Red Hat Bugzilla – Bug 146500
concurrent download & install
Last modified: 2014-01-21 17:51:14 EST
Description of problem:
During a network install, downloading and installation phases strictly
alternate. Each can take considerable time, during which one or the
other resource (network, disk) is relatively idle (=> wasted). It
would be much more efficient (=> faster installation) if the process
was pipelined: downloads could proceed continuously, in an independent
thread from installation (rpm -i). This would keep both the machine
and the network busy, like they should be.
Yea, I also thought of that. The only problem is the dependency packages, either
should they all be installed with rpm --force, or they should only be installed
when their dependencies also were there. The first one would probably be the
fastest, but what if a user tries to run a package before its deps has been
This would hopefully make yum twice as fast, which is quite a lot, as it some
time takes half an hour or so, if you haven't been running it for a while.
btw, shouldn't the bug be changed from fc3 to fc4, and from normal to high priority?

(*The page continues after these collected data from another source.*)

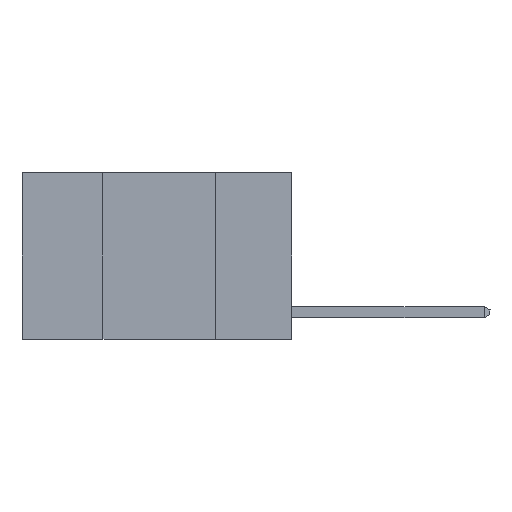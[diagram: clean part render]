
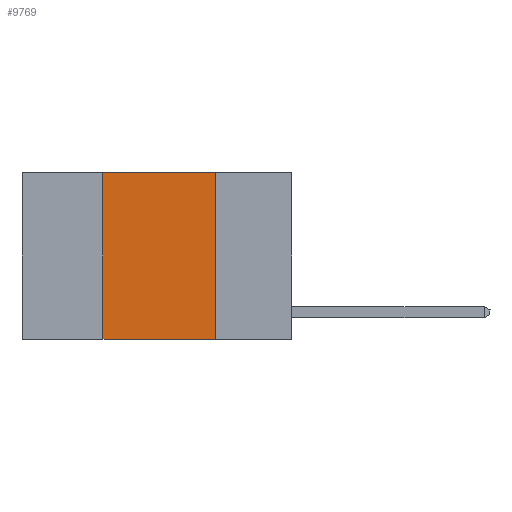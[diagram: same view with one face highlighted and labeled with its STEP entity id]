
A CAD part, left-side view. The second image highlights one B-rep face of the part: STEP entity #9769.
In plain terms, the highlighted planar face has unit normal (-1, 0, 0).
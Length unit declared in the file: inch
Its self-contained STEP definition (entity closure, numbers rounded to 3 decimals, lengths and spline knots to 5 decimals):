
#273 = LINE ( 'NONE', #14539, #352 ) ;
#352 = VECTOR ( 'NONE', #3297, 39.37008 ) ;
#1255 = ORIENTED_EDGE ( 'NONE', *, *, #9447, .F. ) ;
#1514 = VECTOR ( 'NONE', #4115, 39.37008 ) ;
#1585 = VERTEX_POINT ( 'NONE', #7413 ) ;
#3297 = DIRECTION ( 'NONE',  ( 0., -1., 0. ) ) ;
#3979 = DIRECTION ( 'NONE',  ( 0., 0., -1. ) ) ;
#3998 = LINE ( 'NONE', #9761, #4417 ) ;
#4010 = EDGE_CURVE ( 'NONE', #11095, #1585, #3998, .T. ) ;
#4115 = DIRECTION ( 'NONE',  ( 0., 0., -1. ) ) ;
#4417 = VECTOR ( 'NONE', #17045, 39.37008 ) ;
#4637 = CARTESIAN_POINT ( 'NONE',  ( 0., 0.17, 0. ) ) ;
#6352 = ORIENTED_EDGE ( 'NONE', *, *, #10274, .F. ) ;
#6619 = FACE_OUTER_BOUND ( 'NONE', #9994, .T. ) ;
#6963 = CARTESIAN_POINT ( 'NONE',  ( 0., 0.6, 0. ) ) ;
#7044 = VERTEX_POINT ( 'NONE', #4637 ) ;
#7413 = CARTESIAN_POINT ( 'NONE',  ( 0., 0.42, 0. ) ) ;
#9277 = ORIENTED_EDGE ( 'NONE', *, *, #11751, .T. ) ;
#9346 = VECTOR ( 'NONE', #15649, 39.37008 ) ;
#9447 = EDGE_CURVE ( 'NONE', #7044, #15120, #12897, .T. ) ;
#9761 = CARTESIAN_POINT ( 'NONE',  ( 0., 0.42, 0. ) ) ;
#9769 = ADVANCED_FACE ( 'NONE', ( #6619 ), #18179, .F. ) ;
#9894 = LINE ( 'NONE', #6963, #9346 ) ;
#9994 = EDGE_LOOP ( 'NONE', ( #1255, #6352, #14163, #9277 ) ) ;
#10274 = EDGE_CURVE ( 'NONE', #1585, #7044, #9894, .T. ) ;
#11095 = VERTEX_POINT ( 'NONE', #17304 ) ;
#11188 = CARTESIAN_POINT ( 'NONE',  ( 0., 0.17, 0. ) ) ;
#11751 = EDGE_CURVE ( 'NONE', #11095, #15120, #273, .T. ) ;
#12897 = LINE ( 'NONE', #11188, #1514 ) ;
#14163 = ORIENTED_EDGE ( 'NONE', *, *, #4010, .F. ) ;
#14539 = CARTESIAN_POINT ( 'NONE',  ( 0., 0.6, -0.37 ) ) ;
#15120 = VERTEX_POINT ( 'NONE', #15551 ) ;
#15404 = DIRECTION ( 'NONE',  ( 1., 0., 0. ) ) ;
#15551 = CARTESIAN_POINT ( 'NONE',  ( 0., 0.17, -0.37 ) ) ;
#15649 = DIRECTION ( 'NONE',  ( 0., -1., 0. ) ) ;
#16007 = AXIS2_PLACEMENT_3D ( 'NONE', #18358, #15404, #3979 ) ;
#17045 = DIRECTION ( 'NONE',  ( 0., 0., 1. ) ) ;
#17304 = CARTESIAN_POINT ( 'NONE',  ( 0., 0.42, -0.37 ) ) ;
#18179 = PLANE ( 'NONE',  #16007 ) ;
#18358 = CARTESIAN_POINT ( 'NONE',  ( 0., 0.6, 0. ) ) ;

I don't see how making it high priority makes any sense.
If the downloads are ordered in a suitable dependency order (topological sort),
there may well be points where it is correct to install subsets of the entire
session, without resorting to --nodeps etc.
Without knowing any of the guts of yum's resolver, it must already create an
ordered to do list. Perhaps an extra field could be created that indicates a
single rpm transaction, incrementing from 1 for packages for which a transaction
only requires itself to be updated (and other packages don't require the
currently installed version). Do this throughout the list leaving the harder
ones (like kernel with it's looping dependencies) at a higher value in the list.
Meanwhile (back in Gotham city), a second thread has begun downloading the
lowest numbered packages. Might as well get them - gonna need em in a few
minutes anyway - and the network/disk is idle, while the dependency calculation
goes near max CPU.
Once the depency list is resolved, the first of the downloaded packages can be
installed (since it had no other deps/reqs that would have been broken). (I
assume that yum performs single rpm transactions... rather than a single command
with all the packages it has worked out as needed for success).
Also, if the user has given the -y "go do it" switch (or scheduled install),
then there is no reason to wait to download any rpm...if the repo says there is
an update and you already have an earlier version installed then yum must
download it, the earlier the better (perhaps even save getting the headers
separately for these directly mentioned packages, since user has already said
"yes mate, stop stuffing around and get on with the job" ;) . Extract the header
from the rpm if need be.
Does the resolver open the rpm database to check the requires etc, if not, or
it's not blocking rpm, then yum could install each single package that completes
download (and keep the disk/cpu revving) that doesn't require other package
changes in another thread while the resolver is do it's thing.
When yum gets to somewhere where it needs say 10 packages to complete a single
update then the rpm process would pause until all rpms in that group are download.
This process could even help with rawhide when new packages created have
conflicted with other packages. Instead of all users being unable to
successfully complete yum update for a period of time until the repo is "brought
into line", yum would simply end up with installing on the resolvable dependency
packages, rather than totally bailing out. (eg couple times in 2006-01, eg
initscripts v udev v hal). This would be a nice improvement, and would help to
get community test machines more up2date so that resolvable updated packages are
being tested sooner.
To keep the yum CLI simple, downloading and installing isn't going to happen (it
makes the progress bar UI way too odd). The infrastructure is there and used in
cases where it helps a lot such as anaconda.